■ Information shown ■
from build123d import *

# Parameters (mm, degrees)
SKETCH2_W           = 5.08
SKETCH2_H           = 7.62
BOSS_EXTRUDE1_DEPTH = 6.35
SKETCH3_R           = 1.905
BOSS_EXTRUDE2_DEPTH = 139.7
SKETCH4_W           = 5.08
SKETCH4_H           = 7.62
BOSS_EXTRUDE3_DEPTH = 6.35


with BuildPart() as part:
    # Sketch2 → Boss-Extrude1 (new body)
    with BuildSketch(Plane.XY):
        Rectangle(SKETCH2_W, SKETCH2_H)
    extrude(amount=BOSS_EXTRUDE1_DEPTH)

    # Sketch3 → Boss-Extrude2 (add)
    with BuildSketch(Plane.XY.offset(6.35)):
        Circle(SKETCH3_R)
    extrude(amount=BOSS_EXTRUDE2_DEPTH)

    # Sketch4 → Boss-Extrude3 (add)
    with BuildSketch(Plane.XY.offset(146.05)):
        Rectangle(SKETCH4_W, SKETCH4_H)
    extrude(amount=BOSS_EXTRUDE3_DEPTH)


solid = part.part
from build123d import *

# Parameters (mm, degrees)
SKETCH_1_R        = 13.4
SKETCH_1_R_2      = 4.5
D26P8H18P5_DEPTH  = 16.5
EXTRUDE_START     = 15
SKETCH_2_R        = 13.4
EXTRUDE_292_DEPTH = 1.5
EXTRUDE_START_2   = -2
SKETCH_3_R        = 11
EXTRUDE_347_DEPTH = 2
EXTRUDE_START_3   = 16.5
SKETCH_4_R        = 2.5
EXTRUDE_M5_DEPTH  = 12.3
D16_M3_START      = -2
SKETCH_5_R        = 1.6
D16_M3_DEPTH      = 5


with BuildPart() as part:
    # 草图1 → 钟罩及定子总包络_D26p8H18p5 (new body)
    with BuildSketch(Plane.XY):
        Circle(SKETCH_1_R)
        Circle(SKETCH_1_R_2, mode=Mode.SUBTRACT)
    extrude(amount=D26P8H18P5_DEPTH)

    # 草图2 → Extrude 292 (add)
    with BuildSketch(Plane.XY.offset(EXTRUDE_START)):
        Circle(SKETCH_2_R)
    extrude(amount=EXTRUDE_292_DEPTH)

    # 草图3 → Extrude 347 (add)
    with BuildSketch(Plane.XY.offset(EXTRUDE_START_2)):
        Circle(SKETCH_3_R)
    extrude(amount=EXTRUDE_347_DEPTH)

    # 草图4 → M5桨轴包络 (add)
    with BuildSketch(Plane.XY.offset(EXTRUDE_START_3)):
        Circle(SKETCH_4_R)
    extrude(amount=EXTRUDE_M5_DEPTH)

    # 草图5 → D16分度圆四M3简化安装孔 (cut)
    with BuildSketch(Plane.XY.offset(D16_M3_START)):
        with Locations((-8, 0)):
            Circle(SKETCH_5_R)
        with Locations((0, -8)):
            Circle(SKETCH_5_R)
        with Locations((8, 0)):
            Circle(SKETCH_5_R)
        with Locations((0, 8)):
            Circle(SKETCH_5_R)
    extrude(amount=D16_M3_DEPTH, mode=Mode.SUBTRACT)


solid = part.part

■ Description of the task ■
Every entry above needs to be copied exactly.

■ Completed exercise ■
from build123d import *

# Parameters (mm, degrees)
SKETCH2_W           = 5.08
SKETCH2_H           = 7.62
BOSS_EXTRUDE1_DEPTH = 6.35
SKETCH3_R           = 1.905
BOSS_EXTRUDE2_DEPTH = 139.7
SKETCH4_W           = 5.08
SKETCH4_H           = 7.62
BOSS_EXTRUDE3_DEPTH = 6.35


with BuildPart() as part:
    # Sketch2 → Boss-Extrude1 (new body)
    with BuildSketch(Plane.XY):
        Rectangle(SKETCH2_W, SKETCH2_H)
    extrude(amount=BOSS_EXTRUDE1_DEPTH)

    # Sketch3 → Boss-Extrude2 (add)
    with BuildSketch(Plane.XY.offset(6.35)):
        Circle(SKETCH3_R)
    extrude(amount=BOSS_EXTRUDE2_DEPTH)

    # Sketch4 → Boss-Extrude3 (add)
    with BuildSketch(Plane.XY.offset(146.05)):
        Rectangle(SKETCH4_W, SKETCH4_H)
    extrude(amount=BOSS_EXTRUDE3_DEPTH)


solid = part.part
from build123d import *

# Parameters (mm, degrees)
SKETCH_1_R        = 13.4
SKETCH_1_R_2      = 4.5
D26P8H18P5_DEPTH  = 16.5
EXTRUDE_START     = 15
SKETCH_2_R        = 13.4
EXTRUDE_292_DEPTH = 1.5
EXTRUDE_START_2   = -2
SKETCH_3_R        = 11
EXTRUDE_347_DEPTH = 2
EXTRUDE_START_3   = 16.5
SKETCH_4_R        = 2.5
EXTRUDE_M5_DEPTH  = 12.3
D16_M3_START      = -2
SKETCH_5_R        = 1.6
D16_M3_DEPTH      = 5


with BuildPart() as part:
    # 草图1 → 钟罩及定子总包络_D26p8H18p5 (new body)
    with BuildSketch(Plane.XY):
        Circle(SKETCH_1_R)
        Circle(SKETCH_1_R_2, mode=Mode.SUBTRACT)
    extrude(amount=D26P8H18P5_DEPTH)

    # 草图2 → Extrude 292 (add)
    with BuildSketch(Plane.XY.offset(EXTRUDE_START)):
        Circle(SKETCH_2_R)
    extrude(amount=EXTRUDE_292_DEPTH)

    # 草图3 → Extrude 347 (add)
    with BuildSketch(Plane.XY.offset(EXTRUDE_START_2)):
        Circle(SKETCH_3_R)
    extrude(amount=EXTRUDE_347_DEPTH)

    # 草图4 → M5桨轴包络 (add)
    with BuildSketch(Plane.XY.offset(EXTRUDE_START_3)):
        Circle(SKETCH_4_R)
    extrude(amount=EXTRUDE_M5_DEPTH)

    # 草图5 → D16分度圆四M3简化安装孔 (cut)
    with BuildSketch(Plane.XY.offset(D16_M3_START)):
        with Locations((-8, 0)):
            Circle(SKETCH_5_R)
        with Locations((0, -8)):
            Circle(SKETCH_5_R)
        with Locations((8, 0)):
            Circle(SKETCH_5_R)
        with Locations((0, 8)):
            Circle(SKETCH_5_R)
    extrude(amount=D16_M3_DEPTH, mode=Mode.SUBTRACT)


solid = part.part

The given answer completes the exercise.